LRD guides and handbook May 2017

Law at Work 2017

Chapter 10

Dismissal and industrial action 



[ch 10: pages 372-374]

Employees are automatically unfairly dismissed if the reason or main reason for dismissal is that they took part in official industrial action (see Chapter 6), and the dismissal took place during the first 12 weeks of the action (the “protected period”). Any later dismissal will also be automatically unfair, if the employee stopped taking the industrial action during the 12-week period. No minimum service is required.


Protection extends beyond 12 weeks if the employer has failed to take reasonable procedural steps to resolve the dispute, for example, by engaging in collective conciliation through Acas. The 12-week protected period is also extended to include any time when employees are locked out (ERA 99 Schedule 5, section 238A, TULRCA). 



If the action lasts beyond the initial 12-week protected period, employees taking part are barred from claiming unfair dismissal unless they have been selectively dismissed. Selective dismissal is where some, but not all, striking workers are dismissed, or where all are dismissed but some are taken back within three months.



Once the three months have passed, employers can rehire whoever they want without risking unfair dismissal claims.



The point of these rules is to prevent employers picking and choosing who to take back (section 238, TULRCA). During the three-month period, the employer must take back everybody or nobody.



Employees who are dismissed during unofficial industrial action cannot claim unfair dismissal (Section 237(1), TULRCA). There are some exceptions, for example, if the dismissal is for reasons related to health and safety or working time, for requesting flexible working, acting as an employee rep, or making a protected disclosure (section 237(1A), TULRCA). 



If action is unofficial, the employer can freely choose to dismiss some, but not all, of the strikers, without consequence.



In any strike balloted on or after 1 March 2017, pickets will lose their protection from unfair dismissal if they picket without a picket supervisor, even if the strike is backed by a lawful ballot (Trade Union Act 2016 – see Chapter 6).


To be barred from making unfair dismissal claims, the employees must be taking the industrial action at the time of dismissal. If they have already returned to work and are then dismissed, they are not prevented from bringing claims. Whether or not they were taking industrial action is for the tribunal, not the employer to decide (Jenkins v P&O Ferries [1991] ICR 652). 

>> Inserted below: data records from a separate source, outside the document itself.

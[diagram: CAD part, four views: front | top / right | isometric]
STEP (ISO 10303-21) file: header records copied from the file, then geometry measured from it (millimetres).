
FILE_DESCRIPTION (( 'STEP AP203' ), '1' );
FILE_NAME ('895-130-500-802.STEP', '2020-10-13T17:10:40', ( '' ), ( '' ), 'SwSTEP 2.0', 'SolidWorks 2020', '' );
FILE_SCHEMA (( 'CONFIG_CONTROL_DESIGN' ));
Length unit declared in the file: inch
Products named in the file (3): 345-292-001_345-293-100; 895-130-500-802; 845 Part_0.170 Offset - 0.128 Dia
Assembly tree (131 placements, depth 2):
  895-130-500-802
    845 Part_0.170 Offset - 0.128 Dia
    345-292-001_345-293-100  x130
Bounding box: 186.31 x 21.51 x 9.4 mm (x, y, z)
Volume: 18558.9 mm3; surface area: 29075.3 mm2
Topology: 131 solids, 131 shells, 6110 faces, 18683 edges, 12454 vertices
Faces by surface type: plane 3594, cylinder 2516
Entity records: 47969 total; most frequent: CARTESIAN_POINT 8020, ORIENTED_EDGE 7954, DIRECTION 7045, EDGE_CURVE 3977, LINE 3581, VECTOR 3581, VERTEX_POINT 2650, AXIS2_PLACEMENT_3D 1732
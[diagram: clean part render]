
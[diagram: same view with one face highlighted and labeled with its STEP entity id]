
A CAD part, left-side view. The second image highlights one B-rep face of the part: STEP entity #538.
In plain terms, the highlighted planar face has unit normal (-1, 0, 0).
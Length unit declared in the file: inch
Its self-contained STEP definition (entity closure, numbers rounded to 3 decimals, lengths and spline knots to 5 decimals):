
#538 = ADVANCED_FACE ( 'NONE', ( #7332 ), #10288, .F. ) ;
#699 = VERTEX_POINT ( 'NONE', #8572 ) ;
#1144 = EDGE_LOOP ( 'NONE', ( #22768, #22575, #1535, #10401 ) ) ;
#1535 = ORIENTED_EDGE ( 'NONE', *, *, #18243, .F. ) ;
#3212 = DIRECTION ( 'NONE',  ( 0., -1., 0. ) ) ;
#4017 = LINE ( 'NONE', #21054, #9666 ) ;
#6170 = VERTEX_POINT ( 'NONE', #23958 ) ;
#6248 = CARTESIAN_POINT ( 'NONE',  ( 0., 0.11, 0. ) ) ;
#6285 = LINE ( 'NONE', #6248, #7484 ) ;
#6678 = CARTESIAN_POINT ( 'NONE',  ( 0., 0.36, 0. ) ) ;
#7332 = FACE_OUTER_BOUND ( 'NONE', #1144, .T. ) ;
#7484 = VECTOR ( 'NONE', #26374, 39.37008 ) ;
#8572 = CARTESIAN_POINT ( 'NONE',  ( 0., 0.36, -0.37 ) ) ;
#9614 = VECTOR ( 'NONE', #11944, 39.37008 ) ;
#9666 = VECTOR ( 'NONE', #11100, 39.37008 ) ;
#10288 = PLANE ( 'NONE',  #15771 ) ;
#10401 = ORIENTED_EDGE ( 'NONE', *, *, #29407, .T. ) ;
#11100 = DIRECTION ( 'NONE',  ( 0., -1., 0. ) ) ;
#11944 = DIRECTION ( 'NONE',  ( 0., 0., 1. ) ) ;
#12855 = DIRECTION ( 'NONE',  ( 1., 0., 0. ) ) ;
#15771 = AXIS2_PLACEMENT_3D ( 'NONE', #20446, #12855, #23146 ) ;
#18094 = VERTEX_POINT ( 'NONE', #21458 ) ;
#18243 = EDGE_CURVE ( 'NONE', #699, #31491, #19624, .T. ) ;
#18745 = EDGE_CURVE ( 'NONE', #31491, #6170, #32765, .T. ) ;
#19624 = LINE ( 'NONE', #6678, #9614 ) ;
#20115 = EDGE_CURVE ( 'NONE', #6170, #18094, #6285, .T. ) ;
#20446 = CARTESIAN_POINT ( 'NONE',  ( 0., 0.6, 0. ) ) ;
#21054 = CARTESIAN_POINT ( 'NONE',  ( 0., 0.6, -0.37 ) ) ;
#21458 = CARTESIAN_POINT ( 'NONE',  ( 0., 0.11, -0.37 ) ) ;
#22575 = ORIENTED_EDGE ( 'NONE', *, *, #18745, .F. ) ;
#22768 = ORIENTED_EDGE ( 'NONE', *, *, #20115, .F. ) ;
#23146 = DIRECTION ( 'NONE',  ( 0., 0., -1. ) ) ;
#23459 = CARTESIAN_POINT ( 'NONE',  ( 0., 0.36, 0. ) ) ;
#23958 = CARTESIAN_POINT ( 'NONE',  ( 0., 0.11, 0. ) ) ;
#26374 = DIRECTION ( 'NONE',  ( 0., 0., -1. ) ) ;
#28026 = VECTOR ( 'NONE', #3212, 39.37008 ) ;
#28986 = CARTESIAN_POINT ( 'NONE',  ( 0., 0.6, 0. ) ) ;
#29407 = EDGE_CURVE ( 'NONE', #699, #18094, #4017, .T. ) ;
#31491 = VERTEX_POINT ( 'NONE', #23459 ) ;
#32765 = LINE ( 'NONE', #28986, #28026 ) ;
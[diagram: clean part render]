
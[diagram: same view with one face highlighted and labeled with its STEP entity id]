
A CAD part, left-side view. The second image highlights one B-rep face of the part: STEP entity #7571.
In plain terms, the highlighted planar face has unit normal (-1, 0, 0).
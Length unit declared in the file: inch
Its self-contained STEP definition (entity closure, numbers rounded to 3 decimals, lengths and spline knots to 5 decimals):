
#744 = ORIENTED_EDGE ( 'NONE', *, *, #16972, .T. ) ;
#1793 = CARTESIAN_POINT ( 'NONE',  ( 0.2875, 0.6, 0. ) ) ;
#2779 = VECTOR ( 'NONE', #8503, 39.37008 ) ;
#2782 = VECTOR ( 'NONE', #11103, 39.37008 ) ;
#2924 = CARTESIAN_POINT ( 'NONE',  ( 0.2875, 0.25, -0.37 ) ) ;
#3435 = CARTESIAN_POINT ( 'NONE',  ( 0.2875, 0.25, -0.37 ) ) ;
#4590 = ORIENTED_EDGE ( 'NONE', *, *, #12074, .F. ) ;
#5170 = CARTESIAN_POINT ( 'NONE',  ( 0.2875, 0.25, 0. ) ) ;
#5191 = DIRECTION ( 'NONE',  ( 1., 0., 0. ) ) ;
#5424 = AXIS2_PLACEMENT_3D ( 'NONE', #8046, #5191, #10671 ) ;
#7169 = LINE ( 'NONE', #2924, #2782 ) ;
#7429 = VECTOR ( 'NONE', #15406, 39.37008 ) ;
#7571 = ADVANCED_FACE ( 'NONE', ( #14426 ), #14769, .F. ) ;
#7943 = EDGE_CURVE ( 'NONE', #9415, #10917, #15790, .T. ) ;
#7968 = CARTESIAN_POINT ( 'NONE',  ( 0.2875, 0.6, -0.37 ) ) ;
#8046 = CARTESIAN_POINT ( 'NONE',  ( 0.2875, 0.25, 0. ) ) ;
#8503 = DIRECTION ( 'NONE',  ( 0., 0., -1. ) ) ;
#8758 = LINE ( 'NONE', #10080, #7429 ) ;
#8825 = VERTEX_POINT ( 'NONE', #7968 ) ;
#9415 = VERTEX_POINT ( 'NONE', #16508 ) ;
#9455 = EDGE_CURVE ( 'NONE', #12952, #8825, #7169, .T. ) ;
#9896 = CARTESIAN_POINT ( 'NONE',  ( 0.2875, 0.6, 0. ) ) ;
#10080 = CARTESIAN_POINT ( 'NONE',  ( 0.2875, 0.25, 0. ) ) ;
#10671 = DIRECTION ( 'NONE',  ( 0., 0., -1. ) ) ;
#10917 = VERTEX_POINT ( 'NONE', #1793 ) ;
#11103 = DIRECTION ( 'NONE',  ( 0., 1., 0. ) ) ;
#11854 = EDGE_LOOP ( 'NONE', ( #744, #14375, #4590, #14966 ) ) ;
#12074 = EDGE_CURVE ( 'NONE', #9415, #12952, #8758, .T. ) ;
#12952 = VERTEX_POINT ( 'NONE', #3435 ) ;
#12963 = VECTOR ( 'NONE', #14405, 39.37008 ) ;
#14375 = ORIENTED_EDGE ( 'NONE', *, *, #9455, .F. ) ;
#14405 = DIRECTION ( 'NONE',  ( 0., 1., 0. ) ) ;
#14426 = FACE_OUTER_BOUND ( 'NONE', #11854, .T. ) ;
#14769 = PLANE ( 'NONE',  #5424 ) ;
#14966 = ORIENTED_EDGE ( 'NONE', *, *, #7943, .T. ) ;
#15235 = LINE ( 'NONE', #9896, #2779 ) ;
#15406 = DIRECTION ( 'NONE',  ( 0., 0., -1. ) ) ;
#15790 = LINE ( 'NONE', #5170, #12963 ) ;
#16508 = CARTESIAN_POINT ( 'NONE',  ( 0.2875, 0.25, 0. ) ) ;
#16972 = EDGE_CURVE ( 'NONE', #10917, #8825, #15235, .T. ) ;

Whether someone is taking part in a strike is decided objectively. The test is what the employee did, not why (Lewis v E. Mason and Sons [1994] IRLR 4). In one case, an employee only took part so he could report back to the employer on what the strikers were up to. When everyone else was dismissed, he was not, and the employer tried to argue that he had not really been taking part in the strike. The EAT disagreed, saying his motive for taking part was irrelevant.



The International Labour Organisation (ILO), the body responsible for regulating employment law worldwide, has repeatedly condemned UK law for allowing the dismissal of strikers, saying it breaches international standards.



Although employees have some limited statutory protection against dismissal for official industrial action, they have no statutory protection against action short of dismissal for taking official industrial action, for example the withdrawal of travel privileges to punish workers for taking industrial action, during the 2010 industrial dispute between cabin crew members of Unite and British Airways. This is likely to be a breach of the right to strike under Article 11 of the European Convention on Human Rights.